=== Provided records ===

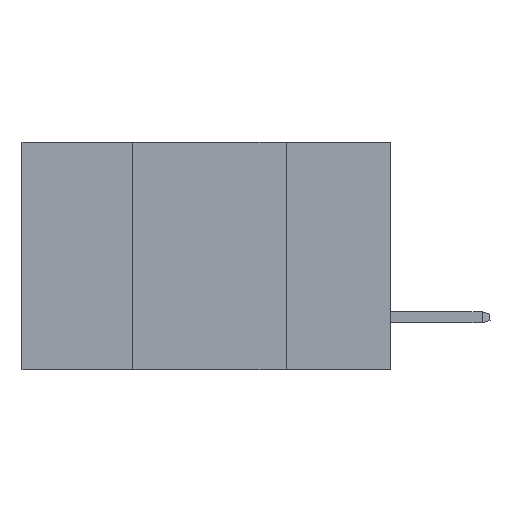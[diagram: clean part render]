
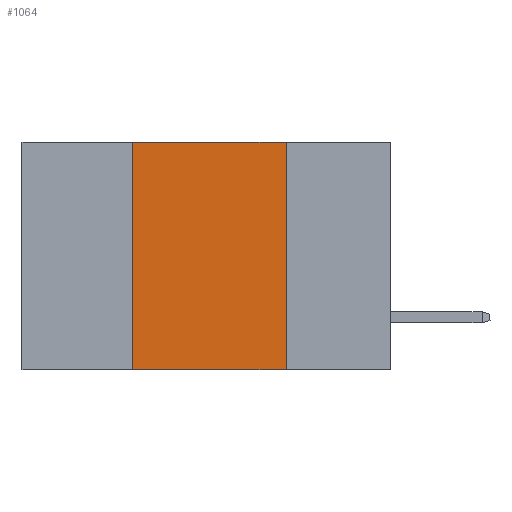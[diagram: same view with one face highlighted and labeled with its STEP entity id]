
A CAD part, left-side view. The second image highlights one B-rep face of the part: STEP entity #1064.
In plain terms, the highlighted planar face has unit normal (-1, 0, 0).
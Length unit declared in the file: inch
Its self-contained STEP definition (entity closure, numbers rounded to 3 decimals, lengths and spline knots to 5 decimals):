
#1064 = ADVANCED_FACE ( 'NONE', ( #4400 ), #2474, .F. ) ;
#1476 = CARTESIAN_POINT ( 'NONE',  ( 0., 0.42, 0. ) ) ;
#1493 = VERTEX_POINT ( 'NONE', #9777 ) ;
#1948 = LINE ( 'NONE', #2195, #7127 ) ;
#2195 = CARTESIAN_POINT ( 'NONE',  ( 0., 0.42, 0. ) ) ;
#2419 = ORIENTED_EDGE ( 'NONE', *, *, #11287, .F. ) ;
#2474 = PLANE ( 'NONE',  #9722 ) ;
#2525 = ORIENTED_EDGE ( 'NONE', *, *, #8846, .F. ) ;
#2899 = DIRECTION ( 'NONE',  ( 1., 0., 0. ) ) ;
#3702 = EDGE_CURVE ( 'NONE', #1493, #8411, #9944, .T. ) ;
#4400 = FACE_OUTER_BOUND ( 'NONE', #5224, .T. ) ;
#5224 = EDGE_LOOP ( 'NONE', ( #5476, #2525, #2419, #10752 ) ) ;
#5476 = ORIENTED_EDGE ( 'NONE', *, *, #3702, .F. ) ;
#6290 = CARTESIAN_POINT ( 'NONE',  ( 0., 0.6, 0. ) ) ;
#6315 = DIRECTION ( 'NONE',  ( 0., 0., 1. ) ) ;
#7127 = VECTOR ( 'NONE', #6315, 39.37008 ) ;
#7189 = CARTESIAN_POINT ( 'NONE',  ( 0., 0.42, -0.37 ) ) ;
#8320 = DIRECTION ( 'NONE',  ( 0., 0., -1. ) ) ;
#8407 = CARTESIAN_POINT ( 'NONE',  ( 0., 0.17, 0. ) ) ;
#8411 = VERTEX_POINT ( 'NONE', #13182 ) ;
#8413 = VECTOR ( 'NONE', #11881, 39.37008 ) ;
#8846 = EDGE_CURVE ( 'NONE', #12993, #1493, #11464, .T. ) ;
#9002 = VECTOR ( 'NONE', #11836, 39.37008 ) ;
#9318 = LINE ( 'NONE', #10825, #9002 ) ;
#9722 = AXIS2_PLACEMENT_3D ( 'NONE', #6290, #2899, #12981 ) ;
#9739 = VERTEX_POINT ( 'NONE', #7189 ) ;
#9777 = CARTESIAN_POINT ( 'NONE',  ( 0., 0.17, 0. ) ) ;
#9861 = CARTESIAN_POINT ( 'NONE',  ( 0., 0.6, 0. ) ) ;
#9944 = LINE ( 'NONE', #8407, #12599 ) ;
#10752 = ORIENTED_EDGE ( 'NONE', *, *, #11528, .T. ) ;
#10825 = CARTESIAN_POINT ( 'NONE',  ( 0., 0.6, -0.37 ) ) ;
#11287 = EDGE_CURVE ( 'NONE', #9739, #12993, #1948, .T. ) ;
#11464 = LINE ( 'NONE', #9861, #8413 ) ;
#11528 = EDGE_CURVE ( 'NONE', #9739, #8411, #9318, .T. ) ;
#11836 = DIRECTION ( 'NONE',  ( 0., -1., 0. ) ) ;
#11881 = DIRECTION ( 'NONE',  ( 0., -1., 0. ) ) ;
#12599 = VECTOR ( 'NONE', #8320, 39.37008 ) ;
#12981 = DIRECTION ( 'NONE',  ( 0., 0., -1. ) ) ;
#12993 = VERTEX_POINT ( 'NONE', #1476 ) ;
#13182 = CARTESIAN_POINT ( 'NONE',  ( 0., 0.17, -0.37 ) ) ;

===

Transcribe the records above exactly, but only from the line that contains "#11528 = EDGE_CURVE" through their final line, inclusive.

#11528 = EDGE_CURVE ( 'NONE', #9739, #8411, #9318, .T. ) ;
#11836 = DIRECTION ( 'NONE',  ( 0., -1., 0. ) ) ;
#11881 = DIRECTION ( 'NONE',  ( 0., -1., 0. ) ) ;
#12599 = VECTOR ( 'NONE', #8320, 39.37008 ) ;
#12981 = DIRECTION ( 'NONE',  ( 0., 0., -1. ) ) ;
#12993 = VERTEX_POINT ( 'NONE', #1476 ) ;
#13182 = CARTESIAN_POINT ( 'NONE',  ( 0., 0.17, -0.37 ) ) ;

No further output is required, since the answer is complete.